I knew how to interpret the symbol ( _because relatives and teachers corrected
me when I mistakenly read it as a capital letter "A" when looking at
newspapers, as early as kindergarten, while trying to demonstrate my ability
to read_), but I was taught to avoid using it as part of handwriting. I knew
what to call it, and that it means "and" but was encouraged to use the plus
sign (+) if I needed to use punctuation for such purposes, although even that
was frowned upon, as improper and informal.

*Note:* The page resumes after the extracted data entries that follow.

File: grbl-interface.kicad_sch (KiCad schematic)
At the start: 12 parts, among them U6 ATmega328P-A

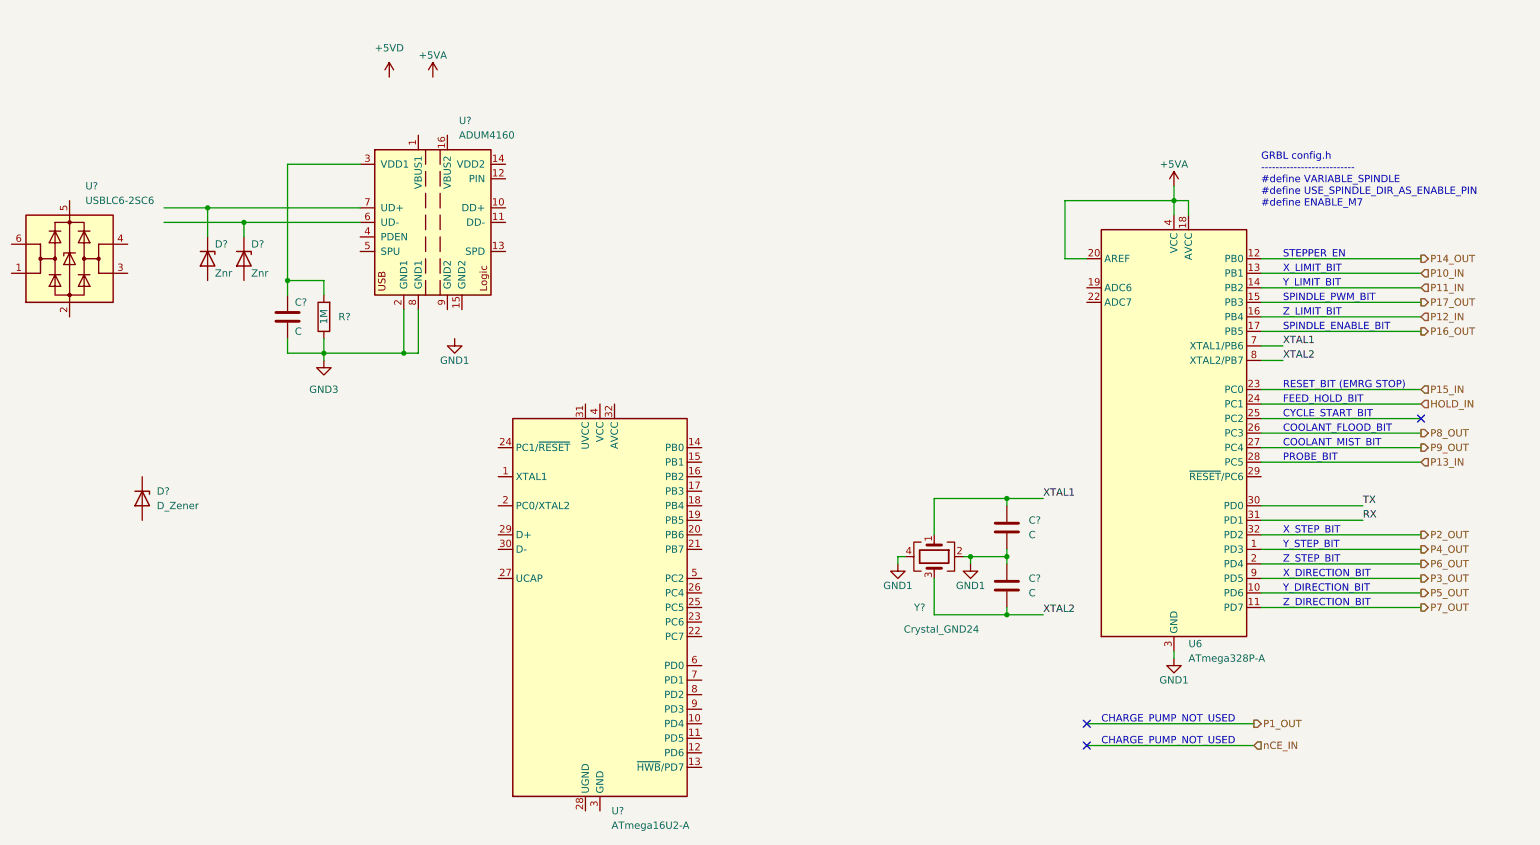
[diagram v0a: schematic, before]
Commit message: Optical isolator input current (10mA not 3mA) and wiring error fixed.
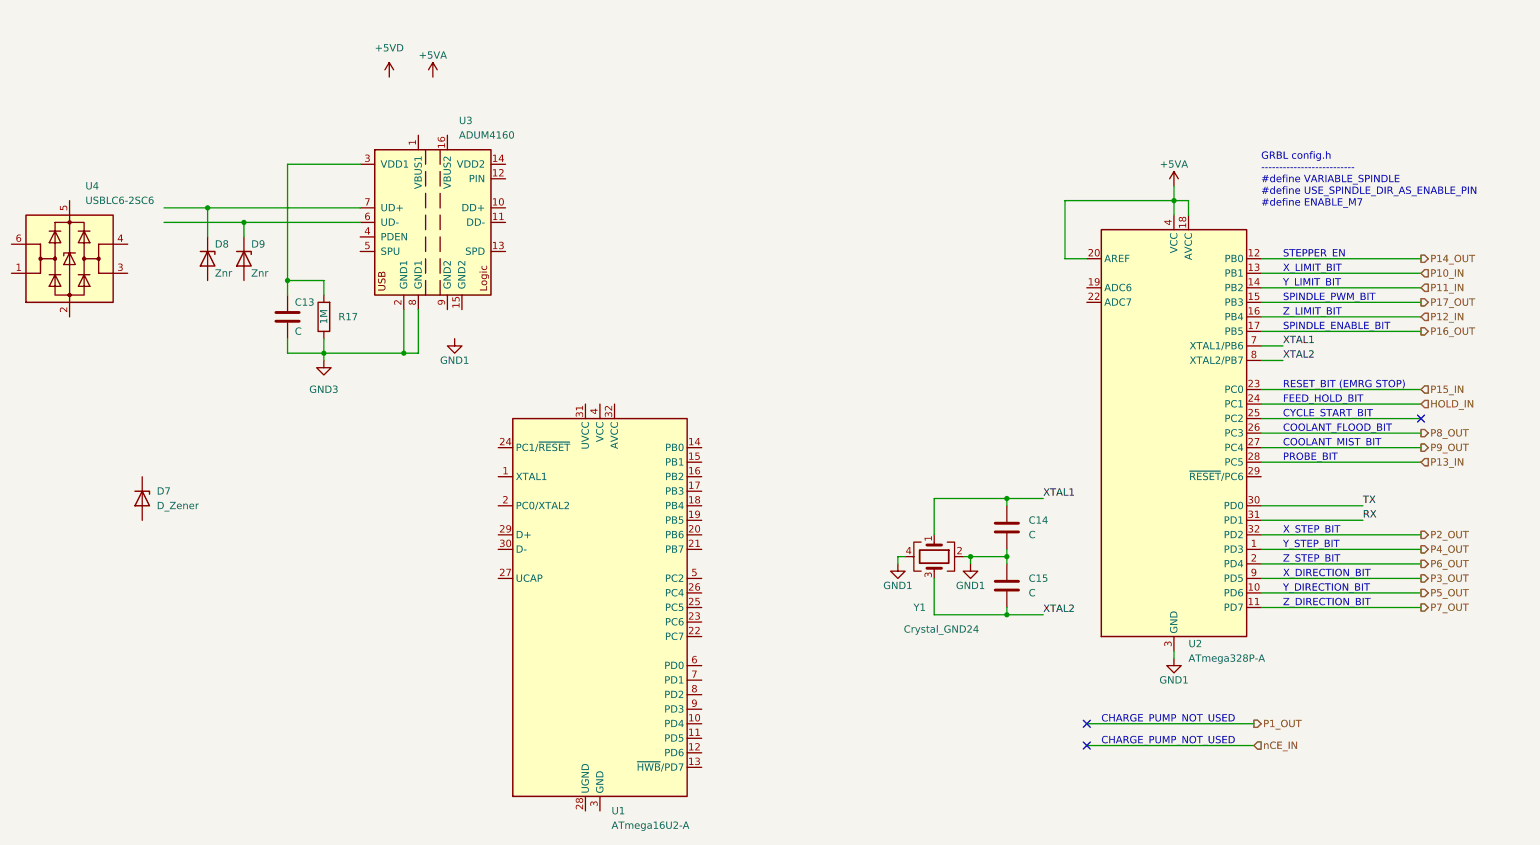
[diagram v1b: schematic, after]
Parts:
- gave numbers to parts that had none: 11
- renumbered U6 to U2
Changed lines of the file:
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@@
   (symbol (lib_id "Power_Protection:USBLC6-2SC6") (at 22.86 62.23 0) (unit 1)
     (in_bom yes) (on_board yes) (fields_autoplaced)
-    (property "Reference" "U?" (id 0) (at 25.6287 49.53 0)
+    (property "Reference" "U4" (id 0) (at 25.6287 49.53 0)
       (effects (font (size 1.27 1.27)) (justify left))
     )
@@
   (symbol (lib_id "Device:D_Zener") (at 35.56 104.14 270) (unit 1)
     (in_bom yes) (on_board yes) (fields_autoplaced)
-    (property "Reference" "D?" (id 0) (at 38.1 102.8699 90)
+    (property "Reference" "D7" (id 0) (at 38.1 102.8699 90)
       (effects (font (size 1.27 1.27)) (justify left))
     )
@@
   (symbol (lib_id "MCU_Microchip_ATmega:ATmega328P-A") (at 215.9 92.71 0) (unit 1)
     (in_bom yes) (on_board yes)
-    (property "Reference" "U6" (id 0) (at 218.44 129.54 0)
+    (property "Reference" "U2" (id 0) (at 218.44 129.54 0)
       (effects (font (size 1.27 1.27)) (justify left))
     )
@@
   (symbol (lib_id "Device:C") (at 60.96 72.39 0) (unit 1)
     (in_bom yes) (on_board yes)
-    (property "Reference" "C?" (id 0) (at 62.23 69.85 0)
+    (property "Reference" "C13" (id 0) (at 62.23 69.85 0)
       (effects (font (size 1.27 1.27)) (justify left))
     )
@@
   (symbol (lib_id "power:GND1") (at 90.17 76.2 0) (unit 1)
     (in_bom yes) (on_board yes)
-    (property "Reference" "#PWR?" (id 0) (at 90.17 82.55 0)
+    (property "Reference" "#PWR0157" (id 0) (at 90.17 82.55 0)
       (effects (font (size 1.27 1.27)) hide)
     )
@@
   (symbol (lib_id "Device:C") (at 186.69 109.22 0) (unit 1)
     (in_bom yes) (on_board yes) (fields_autoplaced)
-    (property "Reference" "C?" (id 0) (at 190.5 107.9499 0)
+    (property "Reference" "C14" (id 0) (at 190.5 107.9499 0)
       (effects (font (size 1.27 1.27)) (justify left))
     )
@@
   (symbol (lib_id "power:GND1") (at 180.34 115.57 0) (unit 1)
     (in_bom yes) (on_board yes)
-    (property "Reference" "#PWR?" (id 0) (at 180.34 121.92 0)
+    (property "Reference" "#PWR0158" (id 0) (at 180.34 121.92 0)
       (effects (font (size 1.27 1.27)) hide)
     )
@@
   (symbol (lib_id "Device:Crystal_GND24") (at 173.99 114.3 270) (unit 1)
     (in_bom yes) (on_board yes)
-    (property "Reference" "Y?" (id 0) (at 171.45 123.19 90))
+    (property "Reference" "Y1" (id 0) (at 171.45 123.19 90))
     (property "Value" "Crystal_GND24" (id 1) (at 175.26 127 90))
     (property "Footprint" "" (id 2) (at 173.99 114.3 0)
@@
   (symbol (lib_id "Device:D_Zener") (at 46.99 62.23 270) (unit 1)
     (in_bom yes) (on_board yes)
-    (property "Reference" "D?" (id 0) (at 48.26 59.69 90)
+    (property "Reference" "D8" (id 0) (at 48.26 59.69 90)
       (effects (font (size 1.27 1.27)) (justify left))
     )
@@
   (symbol (lib_id "power:GND1") (at 167.64 115.57 0) (unit 1)
     (in_bom yes) (on_board yes)
-    (property "Reference" "#PWR?" (id 0) (at 167.64 121.92 0)
+    (property "Reference" "#PWR0153" (id 0) (at 167.64 121.92 0)
       (effects (font (size 1.27 1.27)) hide)
     )
@@
   (symbol (lib_id "MCU_Microchip_ATmega:ATmega16U2-A") (at 115.57 123.19 0) (unit 1)
     (in_bom yes) (on_board yes) (fields_autoplaced)
-    (property "Reference" "U?" (id 0) (at 117.5894 158.75 0)
+    (property "Reference" "U1" (id 0) (at 117.5894 158.75 0)
       (effects (font (size 1.27 1.27)) (justify left))
     )
@@
   (symbol (lib_id "power:+5VA") (at 86.36 30.48 0) (unit 1)
     (in_bom yes) (on_board yes)
-    (property "Reference" "#PWR?" (id 0) (at 86.36 34.29 0)
+    (property "Reference" "#PWR0156" (id 0) (at 86.36 34.29 0)
       (effects (font (size 1.27 1.27)) hide)
     )
@@
   (symbol (lib_id "Device:C") (at 186.69 119.38 0) (unit 1)
     (in_bom yes) (on_board yes) (fields_autoplaced)
-    (property "Reference" "C?" (id 0) (at 190.5 118.1099 0)
+    (property "Reference" "C15" (id 0) (at 190.5 118.1099 0)
       (effects (font (size 1.27 1.27)) (justify left))
     )
@@
   (symbol (lib_id "power:+5VD") (at 78.74 30.48 0) (unit 1)
     (in_bom yes) (on_board yes) (fields_autoplaced)
-    (property "Reference" "#PWR?" (id 0) (at 78.74 34.29 0)
+    (property "Reference" "#PWR0155" (id 0) (at 78.74 34.29 0)
       (effects (font (size 1.27 1.27)) hide)
     )
@@
   (symbol (lib_id "Device:R") (at 67.31 72.39 180) (unit 1)
     (in_bom yes) (on_board yes)
-    (property "Reference" "R?" (id 0) (at 69.85 72.39 0)
+    (property "Reference" "R17" (id 0) (at 69.85 72.39 0)
       (effects (font (size 1.27 1.27)) (justify right))
     )
@@
   (symbol (lib_id "Interface_USB:ADUM4160") (at 86.36 55.88 0) (unit 1)
     (in_bom yes) (on_board yes) (fields_autoplaced)
-    (property "Reference" "U?" (id 0) (at 90.9194 38.1 0)
+    (property "Reference" "U3" (id 0) (at 90.9194 38.1 0)
       (effects (font (size 1.27 1.27)) (justify left))
     )
@@
   (symbol (lib_id "Device:D_Zener") (at 53.34 62.23 270) (unit 1)
     (in_bom yes) (on_board yes)
-    (property "Reference" "D?" (id 0) (at 54.61 59.69 90)
+    (property "Reference" "D9" (id 0) (at 54.61 59.69 90)
       (effects (font (size 1.27 1.27)) (justify left))
     )
@@
   (symbol (lib_id "power:GND3") (at 67.31 80.01 0) (unit 1)
     (in_bom yes) (on_board yes) (fields_autoplaced)
-    (property "Reference" "#PWR?" (id 0) (at 67.31 86.36 0)
-      (effects (font (size 1.27 1.27)) hide)
-    )
+    (property "Reference" "#PWR0154" (id 0) (at 67.31 86.36 0)
+      (effects (font (size 1.27 1.27)) hide)
+    )

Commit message: Multiple flaws resolved
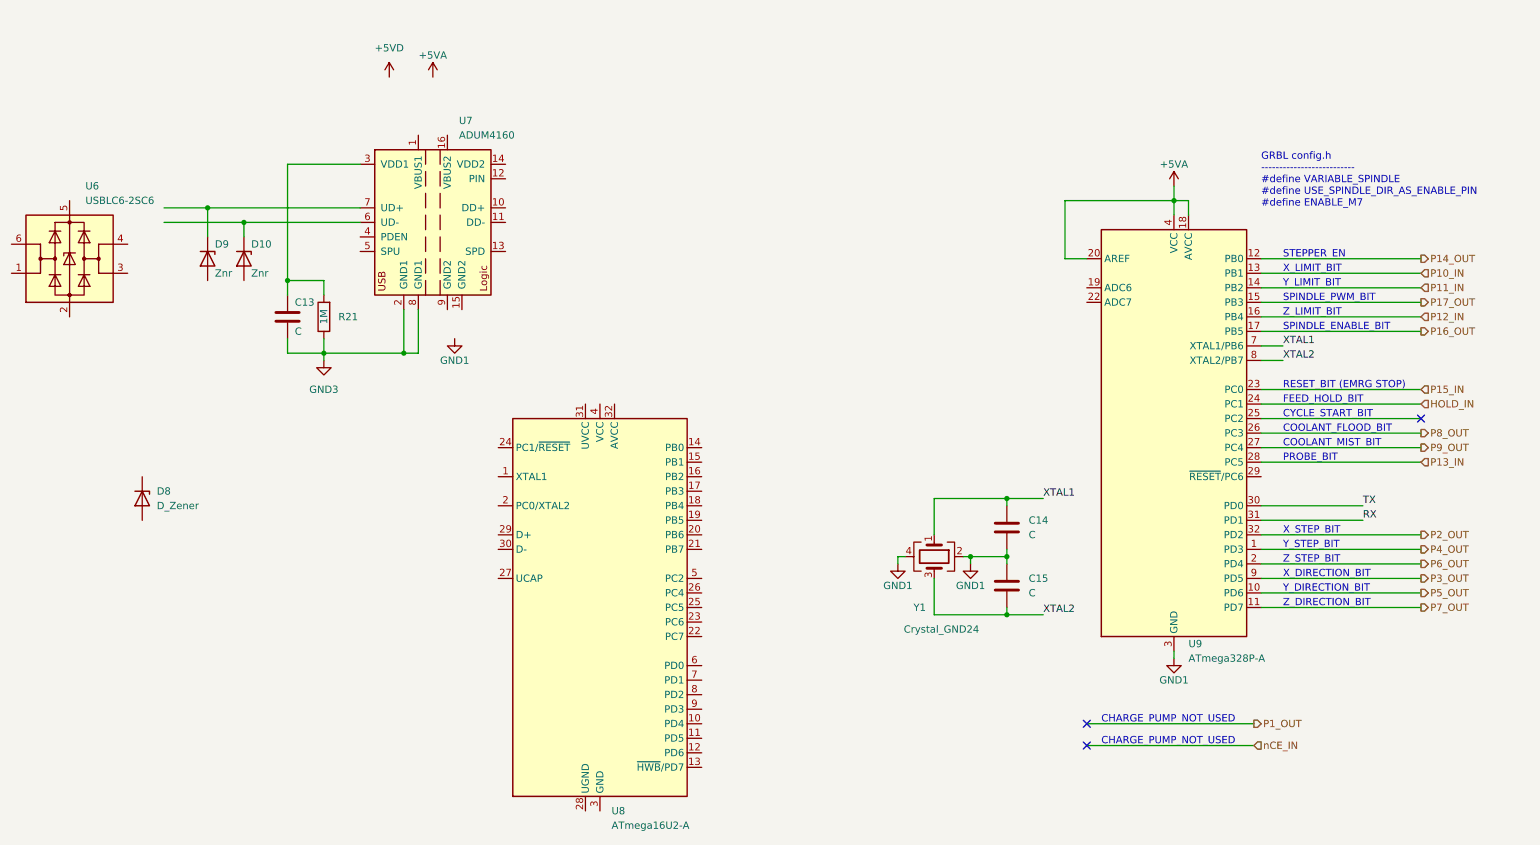
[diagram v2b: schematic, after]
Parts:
- renumbered D9 to D10, D7 to D8, D8 to D9, R17 to R21, U4 to U6, U3 to U7, U1 to U8, U2 to U9
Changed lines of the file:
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@@
   (symbol (lib_id "Power_Protection:USBLC6-2SC6") (at 22.86 62.23 0) (unit 1)
     (in_bom yes) (on_board yes) (fields_autoplaced)
-    (property "Reference" "U4" (id 0) (at 25.6287 49.53 0)
+    (property "Reference" "U6" (id 0) (at 25.6287 49.53 0)
       (effects (font (size 1.27 1.27)) (justify left))
     )
@@
   (symbol (lib_id "Device:D_Zener") (at 35.56 104.14 270) (unit 1)
     (in_bom yes) (on_board yes) (fields_autoplaced)
-    (property "Reference" "D7" (id 0) (at 38.1 102.8699 90)
+    (property "Reference" "D8" (id 0) (at 38.1 102.8699 90)
       (effects (font (size 1.27 1.27)) (justify left))
     )
@@
   (symbol (lib_id "MCU_Microchip_ATmega:ATmega328P-A") (at 215.9 92.71 0) (unit 1)
     (in_bom yes) (on_board yes)
-    (property "Reference" "U2" (id 0) (at 218.44 129.54 0)
+    (property "Reference" "U9" (id 0) (at 218.44 129.54 0)
       (effects (font (size 1.27 1.27)) (justify left))
     )
@@
   (symbol (lib_id "power:GND1") (at 90.17 76.2 0) (unit 1)
     (in_bom yes) (on_board yes)
-    (property "Reference" "#PWR0157" (id 0) (at 90.17 82.55 0)
+    (property "Reference" "#PWR087" (id 0) (at 90.17 82.55 0)
       (effects (font (size 1.27 1.27)) hide)
     )
@@
   (symbol (lib_id "power:GND1") (at 180.34 115.57 0) (unit 1)
     (in_bom yes) (on_board yes)
-    (property "Reference" "#PWR0158" (id 0) (at 180.34 121.92 0)
+    (property "Reference" "#PWR089" (id 0) (at 180.34 121.92 0)
       (effects (font (size 1.27 1.27)) hide)
     )
@@
   (symbol (lib_id "Device:D_Zener") (at 46.99 62.23 270) (unit 1)
     (in_bom yes) (on_board yes)
-    (property "Reference" "D8" (id 0) (at 48.26 59.69 90)
+    (property "Reference" "D9" (id 0) (at 48.26 59.69 90)
       (effects (font (size 1.27 1.27)) (justify left))
     )
@@
   (symbol (lib_id "power:GND1") (at 167.64 115.57 0) (unit 1)
     (in_bom yes) (on_board yes)
-    (property "Reference" "#PWR0153" (id 0) (at 167.64 121.92 0)
+    (property "Reference" "#PWR088" (id 0) (at 167.64 121.92 0)
       (effects (font (size 1.27 1.27)) hide)
     )
@@
   (symbol (lib_id "MCU_Microchip_ATmega:ATmega16U2-A") (at 115.57 123.19 0) (unit 1)
     (in_bom yes) (on_board yes) (fields_autoplaced)
-    (property "Reference" "U1" (id 0) (at 117.5894 158.75 0)
+    (property "Reference" "U8" (id 0) (at 117.5894 158.75 0)
       (effects (font (size 1.27 1.27)) (justify left))
     )
@@
   (symbol (lib_id "power:+5VA") (at 86.36 30.48 0) (unit 1)
     (in_bom yes) (on_board yes)
-    (property "Reference" "#PWR0156" (id 0) (at 86.36 34.29 0)
+    (property "Reference" "#PWR086" (id 0) (at 86.36 34.29 0)
       (effects (font (size 1.27 1.27)) hide)
     )
@@
   (symbol (lib_id "power:+5VD") (at 78.74 30.48 0) (unit 1)
     (in_bom yes) (on_board yes) (fields_autoplaced)
-    (property "Reference" "#PWR0155" (id 0) (at 78.74 34.29 0)
+    (property "Reference" "#PWR085" (id 0) (at 78.74 34.29 0)
       (effects (font (size 1.27 1.27)) hide)
     )
@@
   (symbol (lib_id "power:GND1") (at 215.9 132.08 0) (unit 1)
     (in_bom yes) (on_board yes)
-    (property "Reference" "#PWR0152" (id 0) (at 215.9 138.43 0)
+    (property "Reference" "#PWR091" (id 0) (at 215.9 138.43 0)
       (effects (font (size 1.27 1.27)) hide)
     )
@@
   (symbol (lib_id "Device:R") (at 67.31 72.39 180) (unit 1)
     (in_bom yes) (on_board yes)
-    (property "Reference" "R17" (id 0) (at 69.85 72.39 0)
+    (property "Reference" "R21" (id 0) (at 69.85 72.39 0)
       (effects (font (size 1.27 1.27)) (justify right))
     )
@@
   (symbol (lib_id "power:+5VA") (at 215.9 49.53 0) (unit 1)
     (in_bom yes) (on_board yes)
-    (property "Reference" "#PWR0151" (id 0) (at 215.9 53.34 0)
+    (property "Reference" "#PWR090" (id 0) (at 215.9 53.34 0)
       (effects (font (size 1.27 1.27)) hide)
     )
@@
   (symbol (lib_id "Interface_USB:ADUM4160") (at 86.36 55.88 0) (unit 1)
     (in_bom yes) (on_board yes) (fields_autoplaced)
-    (property "Reference" "U3" (id 0) (at 90.9194 38.1 0)
+    (property "Reference" "U7" (id 0) (at 90.9194 38.1 0)
       (effects (font (size 1.27 1.27)) (justify left))
     )
@@
   (symbol (lib_id "Device:D_Zener") (at 53.34 62.23 270) (unit 1)
     (in_bom yes) (on_board yes)
-    (property "Reference" "D9" (id 0) (at 54.61 59.69 90)
+    (property "Reference" "D10" (id 0) (at 54.61 59.69 90)
       (effects (font (size 1.27 1.27)) (justify left))
     )
@@
   (symbol (lib_id "power:GND3") (at 67.31 80.01 0) (unit 1)
     (in_bom yes) (on_board yes) (fields_autoplaced)
-    (property "Reference" "#PWR0154" (id 0) (at 67.31 86.36 0)
-      (effects (font (size 1.27 1.27)) hide)
-    )
+    (property "Reference" "#PWR084" (id 0) (at 67.31 86.36 0)
+      (effects (font (size 1.27 1.27)) hide)
+    )

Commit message: wip
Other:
- moved on the sheet: C13, D10, D8, D9, R21, U6, U7

During middle school, we were taught to type using computers, and so learned
some of the more common symbols. While typing, shorthand was tolerated with
greater sympathy, since printed or typed writing was clearly legible, and not
subject to the harsher criticisms of penmanship, where abstract symbols might
look like childish scribbles.

I didn't develop my ability to write an ampersand by hand until high school,
when I was forced to take notes in class, and use of shorthand was acceptable,
as long as I could read my own note taking, and recite a reasonable summary of
classroom lectures if called upon. My notes never actually lived up to that
criteria but at least I could write an ampersand.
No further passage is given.